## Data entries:
====
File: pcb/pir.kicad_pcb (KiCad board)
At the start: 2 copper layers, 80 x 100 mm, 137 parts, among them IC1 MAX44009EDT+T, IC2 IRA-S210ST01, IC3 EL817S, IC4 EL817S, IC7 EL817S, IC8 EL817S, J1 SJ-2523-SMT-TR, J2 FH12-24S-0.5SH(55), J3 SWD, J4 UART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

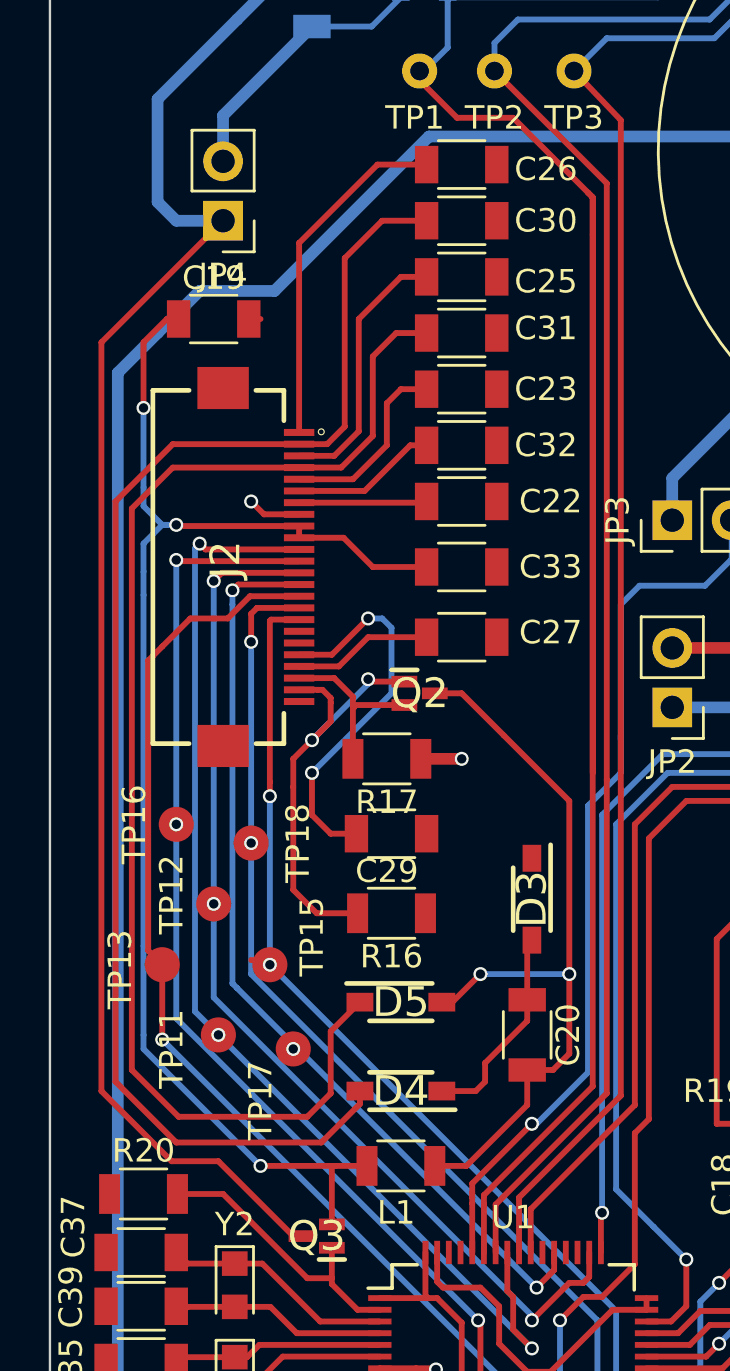
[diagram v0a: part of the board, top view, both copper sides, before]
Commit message: Changed FPC display connector
Same model from Hirose but Top-connect not Bottom-connect as it
previously was. Huge mistake, got it in time.

Created GDEW027W3 schematic symbol for the display.
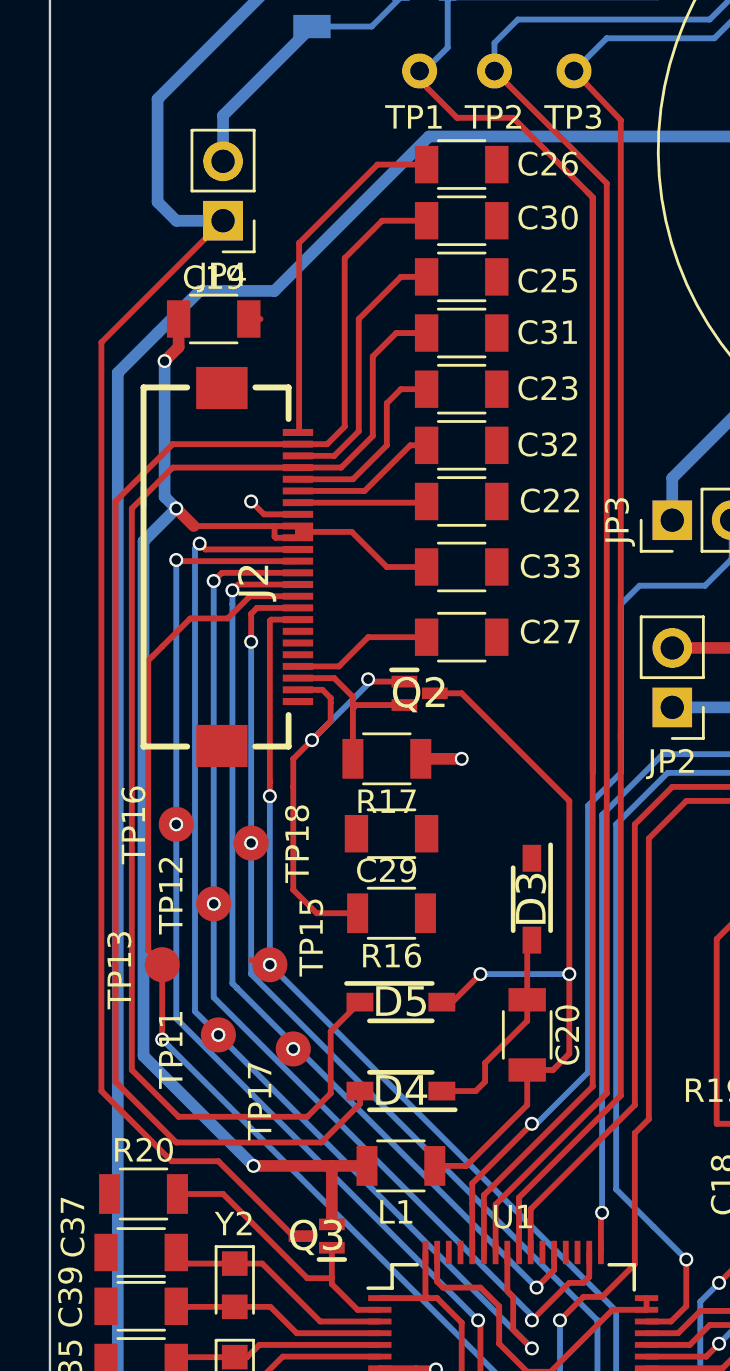
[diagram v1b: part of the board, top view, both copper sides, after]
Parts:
- J2: value FH12-24S-0.5SH(55) -> GDEW027W3; footprint FH12-24S-0.5SH(55):FH12-24S-0.5SH(55) -> FH12A-24S-0.5SH(55):FH12A-24S-0.5SH
- moved J2 0.20 mm to (53.4, 54.6), turned to 90 degrees
- turned C26 to 0 degrees
- turned C30 to 180 degrees
- turned C31 to 180 degrees
- turned C32 to 180 degrees
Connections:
- C26 pad 1: Earth -> Net-(C26-Pad1)
- C26 pad 2: Net-(C26-Pad2) -> Earth
- C30 pad 1: /user/PREVGL -> Earth
- C30 pad 2: Earth -> /user/PREVGL
- C31 pad 1: /user/PREVGH -> Earth
- C31 pad 2: Earth -> /user/PREVGH
- C32 pad 1: Net-(C32-Pad1) -> Earth
- C32 pad 2: Earth -> Net-(C32-Pad2)
- J2 pad 1: Net-(C26-Pad2) -> Net-(J2-Pad1)
- J2 pad 10: /user/EINK_VCC -> /soc/EINK_RST
- J2 pad 11: /soc/EINK_MOSI -> /soc/EINK_D/C
- J2 pad 12: /soc/EINK_SCK -> /soc/EINK_CS
- J2 pad 13: /soc/EINK_CS -> /soc/EINK_SCK
- J2 pad 14: /soc/EINK_D/C -> /soc/EINK_MOSI
- J2 pad 15: /soc/EINK_RST -> /user/EINK_VCC
- J2 pad 16: /soc/EINK_BUSY -> /user/EINK_VCC
- J2 pad 17: /soc/EINK_BS -> Earth
- J2 pad 18: Net-(J2-Pad18) -> Net-(C22-Pad2)
- J2 pad 19: Net-(J2-Pad19) -> Net-(C32-Pad2)
- J2 pad 2: /user/PREVGL -> /user/GDR
- J2 pad 20: Net-(C29-Pad1) -> Net-(C23-Pad2)
- J2 pad 21: Net-(C27-Pad2) -> /user/PREVGH
- J2 pad 22: /user/RESE -> Net-(C25-Pad2)
- J2 pad 23: /user/GDR -> /user/PREVGL
- J2 pad 24: Net-(J2-Pad24) -> Net-(C26-Pad1)
- J2 pad 3: Net-(C25-Pad2) -> /user/RESE
- J2 pad 4: /user/PREVGH -> Net-(C27-Pad2)
- J2 pad 5: Net-(C23-Pad2) -> Net-(J2-Pad5)
- J2 pad 6: Net-(C32-Pad1) -> Net-(J2-Pad6)
- J2 pad 7: Net-(C22-Pad2) -> Net-(J2-Pad7)
- J2 pad 8: Earth -> /soc/EINK_BS
- J2 pad 9: /user/EINK_VCC -> /soc/EINK_BUSY
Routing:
- net Net-(C29-Pad1): track 16.5 -> 0.07 mm, vias 2 -> 0
- net Net-(C26-Pad1): track 0.00 -> 15.0 mm
- net Net-(C26-Pad2): track 14.9 -> 0.00 mm
- net Net-(C32-Pad2): track 0.00 -> 6.26 mm
- net Net-(C32-Pad1): track 6.26 -> 0.00 mm
- net /user/EINK_VCC: track 60.0 -> 61.6 mm
- net (no net): track 0.00 -> 0.80 mm
====
## Task:
The lines you need are those containing "both"; find them in the records and copy them.

## Solution to this problem:
[diagram v0a: part of the board, top view, both copper sides, before]
[diagram v1b: part of the board, top view, both copper sides, after]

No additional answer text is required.